# Annual Sighting In



## Fishindude (May 19, 2015)

My hunting partner is a city guy and has no place to shoot, so he's coming to the farm tomorrow for our annual sight in session of weapons for deer hunting. Will be shooting centerfire rifles, rifled slug shotguns, crossbows and possibly muzzle loader.

I'll bow hunt with my compound, then possibly my crossbow in real cold weather. Will use my .257 Weatherby and .308 Browning in IN and KS firearms seasons, then Savage 220, 20ga slug gun in IL firearms season. I shoot all of the time, and my stuff should be good, just needs checked out and confirmed. He shoots very little, so I try to work with him best I can.


----------



## GREENCOUNTYPETE (Jul 25, 2006)

you might want to have him bring a 22 also , a lot can be done to brush up on marksman ship skills with a 22lr in a shorter time with less cost, recoil and fatigue , there are reduced aqt targets you can download and print to be shot at 25 meters , everything converts very directly if he can make the score at 25 meters , and the rifle and ammo and data for vertical correction/hold over are correct then he should have no problem scoring hits at range.

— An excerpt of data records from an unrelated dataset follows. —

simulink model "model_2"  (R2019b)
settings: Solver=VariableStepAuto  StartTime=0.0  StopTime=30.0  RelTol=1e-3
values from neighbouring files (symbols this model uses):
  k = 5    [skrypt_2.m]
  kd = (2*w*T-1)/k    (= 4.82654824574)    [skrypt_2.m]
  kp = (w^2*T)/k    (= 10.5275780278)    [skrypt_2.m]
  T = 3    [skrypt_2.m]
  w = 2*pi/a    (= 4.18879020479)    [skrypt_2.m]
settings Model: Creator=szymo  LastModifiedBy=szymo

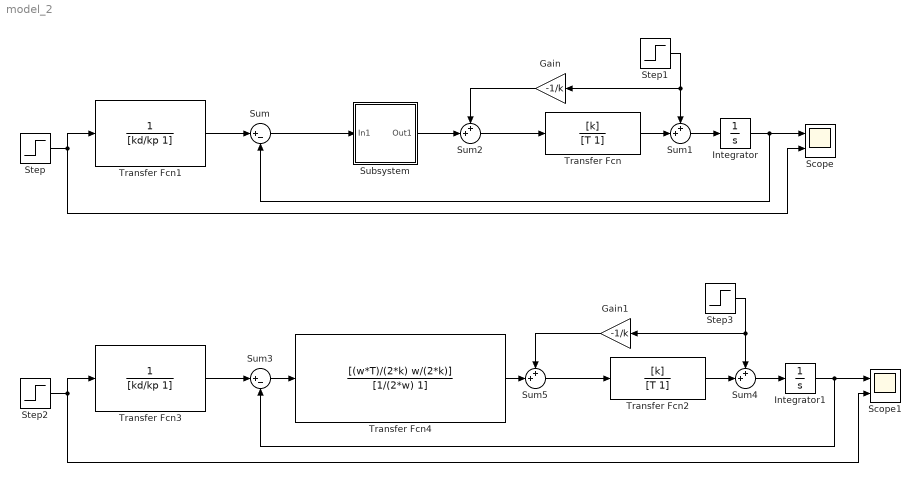
== system model_2 ==
  Gain : Gain  Gain=-1/k
  Gain1 : Gain  Gain=-1/k
  Integrator : Integrator
  Integrator1 : Integrator
  Scope : Scope  NumInputPorts=2
  Scope1 : Scope  NumInputPorts=2
  Step : Step  SampleTime=0
  Step1 : Step  After=3  SampleTime=0
  Step2 : Step  SampleTime=0
  Step3 : Step  After=3  SampleTime=0
  Subsystem : Subsystem
  Sum : Sum  Inputs=|+-
  Sum{1..2,4..5} (4 alike) : Sum  Inputs=++|
  Sum3 : Sum  Inputs=|+-
  Transfer Fcn : TransferFcn  Numerator=[k]  Denominator=[T 1]
  Transfer Fcn1 : TransferFcn  Denominator=[kd/kp 1]
  Transfer Fcn2 : TransferFcn  Numerator=[k]  Denominator=[T 1]
  Transfer Fcn3 : TransferFcn  Denominator=[kd/kp 1]
  Transfer Fcn4 : TransferFcn  Numerator=[(w*T)/(2*k) w/(2*k)]  Denominator=[1/(2*w) 1]
  wires:
  Step/1 -> Transfer Fcn1/1, Scope/2
  Sum/1 -> Subsystem/1(In1)
  Integrator/1 -> Sum/2, Scope/1
  Sum1/1 -> Integrator/1
  Transfer Fcn/1 -> Sum1/2
  Step1/1 -> Sum1/1, Gain/1
  Subsystem/1(Out1) -> Sum2/2
  Sum2/1 -> Transfer Fcn/1
  Gain/1 -> Sum2/1
  Transfer Fcn1/1 -> Sum/1
  Transfer Fcn3/1 -> Sum3/1
  Sum4/1 -> Integrator1/1
  Step3/1 -> Sum4/1, Gain1/1
  Gain1/1 -> Sum5/1
  Step2/1 -> Transfer Fcn3/1, Scope1/2
  Integrator1/1 -> Sum3/2, Scope1/1
  Sum3/1 -> Transfer Fcn4/1
  Sum5/1 -> Transfer Fcn2/1
  Transfer Fcn2/1 -> Sum4/2
  Transfer Fcn4/1 -> Sum5/2

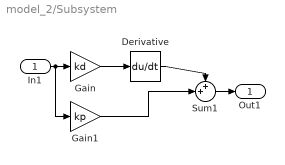
== system model_2/Subsystem ==
  In1 : Inport
  Derivative : Derivative
  Gain : Gain  Gain=kd
  Gain1 : Gain  Gain=kp
  Sum1 : Sum  Inputs=++|
  Out1 : Outport
  wires:
  Gain1/1 -> Sum1/2
  Gain/1 -> Derivative/1
  Derivative/1 -> Sum1/1
  In1/1 -> Gain1/1, Gain/1
  Sum1/1 -> Out1/1

I also find that if you know your zero repeat so say you zero at 200 yards , you likely also have a repeat around 50 yards with say a 223 and possibly closer with a 308 if you know your velocity and bullet you can punch your load into a ballistic calculator find your close / on the way up zero and it is usually close 25-60 yards close enough you should be cutting one ragged hole with your load zeroed then you move to your full distance and verify zero , you spend less time walking back and forth , and Less wind effect and less than ideal shooting or seeing of the target issue 

the other thing I do when working this "near or on the way up" zero is to just shoot at a blank sheet of paper fire one round , hold exactly on that bullet hole and only when I am positive I have a perfectly steady hold on that bullet hole sqeeeeeze off the next round and the next round it confirms I didn't have an oops if I have 2 in the same spot then measure distance up down and left right from hole 0 to hole 1 , 2

lets say your repeat was supposed to be at 50 yards and you are 1/2 inch left because with a 1/4 minute click you would need 2 clicks at 100 yards to move 1/2 inch you need to double that because you are half the distance at 50 you need to move 4 clicks it is still a half moa but because an MOA is an angular measurement and you are at half the distance you double it , if you were at 200 yards twice the distance of 100 you would half the adjustment. at 300 yards 1/3 the adjustment and at 400 yards 1/4 the adjustment.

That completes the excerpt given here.